Personally he looks like he's just in a comfy position, but I NEVER hear about anyone saying their bunnies laying on their backs or pictures of anything similar... :S


----------



## Bluesmaven (Apr 6, 2011)

some of them sleep that way. I would think it means that he feels perfectly safe willing to expose his belly like that. My buns have slept in all kinds of positions.


----------



## Jynxie (Apr 6, 2011)

Oh okay well good then.
I was a little worried. 

I'm glad it's okay since I thought it was adorable lol.


----------



## amdfarm (Apr 6, 2011)

I had a kit that slept on his back all the time. He doesn't now that he's older, but when he was wittle, he did all the time and I took pics of it because it was so cute. He's the only one that slept like that.

The dead bunny flop (DBF) is when they lay flat out on their sides and well.... look like a dead bunny. They'll have their heads down and legs out completely relaxed. It's a cute position, too.

Your bun is adorable in any position! He's just so dang cute!!


----------



## cindyrads (Apr 6, 2011)

I had a rabbit that used to do that and the first time I saw it I thought he was dead. It's cute as hell though.


----------



## Jynxie (Apr 6, 2011)

haha, well I knew he wasn't dead since he looked straight at me and then did it... and his eyes were open.

Almost like "LOOK MOMMY, IZ SO CUTE RITE??"

But it scared me since I never have seen him do it before.
I've seen him all of a sudden just flop to his side and looks pretty dead, so I guess thats what everyone is talking about with the dead bunny flop.
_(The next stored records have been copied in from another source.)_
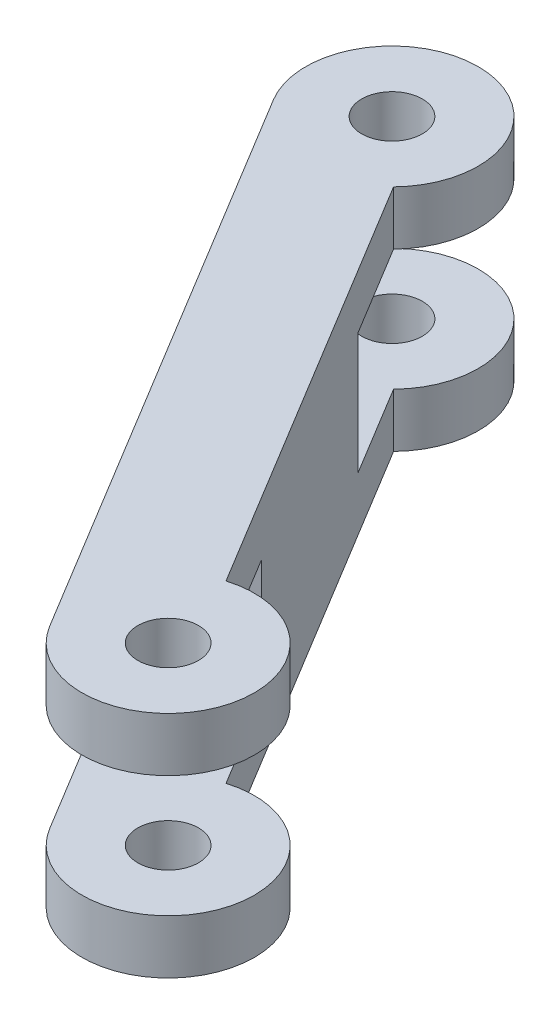
SolidWorks part; units mm, degrees
ref_plane "Front Plane" through (0, 0, 0) normal (0, 0, 1) x (1, 0, 0)
ref_plane "Top Plane" through (0, 0, 0) normal (0, 1, 0) x (1, 0, 0)
ref_plane "Right Plane" through (0, 0, 0) normal (1, 0, 0) x (0, 0, -1)
sketch "Sketch1" plane through (0, 0, 0) normal (0, 1, 0) x (1, 0, 0)
  line L0 (47.2297, 219.0186) -> (732.563, 219.0186) construction
  line L1 (-27.0937, 63.4834) -> (-14.3301, 42.4175)
  line L2 (-22.0655, 62.9079) -> (-12.5124, 47.1409)
  arc A0 (-22.0655, 62.9079) -> (-27.0937, 63.4834) centre (-24.3568, 65.1416) ccw
  circle A1 centre (-24.3568, 65.1416) radius 1.125
  arc A2 (-14.3301, 42.4175) -> (-12.5124, 47.1409) centre (-11.5933, 44.0757) ccw
  circle A3 centre (-11.5933, 44.0757) radius 1.125
extrude "Boss-Extrude5" add sketch "Sketch1" along normal blind 8.5
sketch "Sketch3" plane through (8.3169, 0, -5.0391) normal (-0.8553, 0, 0.5182) x (0.5182, 0, 0.8553)
  line L0 (-68.3348, 0) -> (-43.7039, 0) construction
  line L1 (-61.3348, 6.5) -> (-77.3331, 6.5)
  line L2 (-61.3348, 6.5) -> (-61.3348, 2)
  line L3 (-61.3348, 2) -> (-77.3331, 2)
  line L4 (-77.3331, 6.5) -> (-77.3331, 2)
  line L5 (-68.3348, 8.5) -> (-68.3348, 0) construction
  line L6 (-43.7039, 8.5) -> (-43.7039, 0) construction
  line L7 (-50.7039, 2) -> (-35.9219, 2)
  line L8 (-50.7039, 2) -> (-50.7039, 6.5)
  line L9 (-50.7039, 6.5) -> (-35.9219, 6.5)
  line L10 (-35.9219, 2) -> (-35.9219, 6.5)
  dimension "D1" = 4.5
  dimension "D2" = 2
  dimension "D3" = 7
  dimension "D4" = 7
extrude "Cut-Extrude1" cut sketch "Sketch3" against normal blind 8.5

Also I tried to get a picture, but he saw me coming with the camera and went back to normal. He knew what was going on  LOL.


----------



## Nancy McClelland (Apr 6, 2011)

My Avatar is Nikki at 4 months. Sound asleep all 4 legs in the air and mouth open. She's the only one that would sleep like that. She also used to sleep in her hay rack til she got too big. Silly rabbit!


----------



## Jynxie (Apr 7, 2011)

LOL yes, it was exactly like your avatar! haha.


----------



## jcl_24 (Apr 21, 2011)

Guy sleeps like that occaisonally and it still alarms me when I see him in that position.


----------



## jcl_24 (Apr 21, 2011)

*Nancy McClelland wrote: *


> My Avatar is Nikki at 4 months. Sound asleep all 4 legs in the air and mouth open. She's the only one that would sleep like that. She also used to sleep in her hay rack til she got too big. Silly rabbit!


Love it 

Jo x


----------



## foreverblue127 (Apr 22, 2011)

I thought for sure my Bun was dead the first time I saw him do it. He was half on his back and half on his side. And totally sound asleep. He didn't wake up right away, that was the scariest part. But it is super cute. Nancy, I love your avatar! It's awesome you were able to capture it.


----------



## Jynxie (Apr 22, 2011)

He hasn't done it since I made this thread.
Too bad since it was adorable.


----------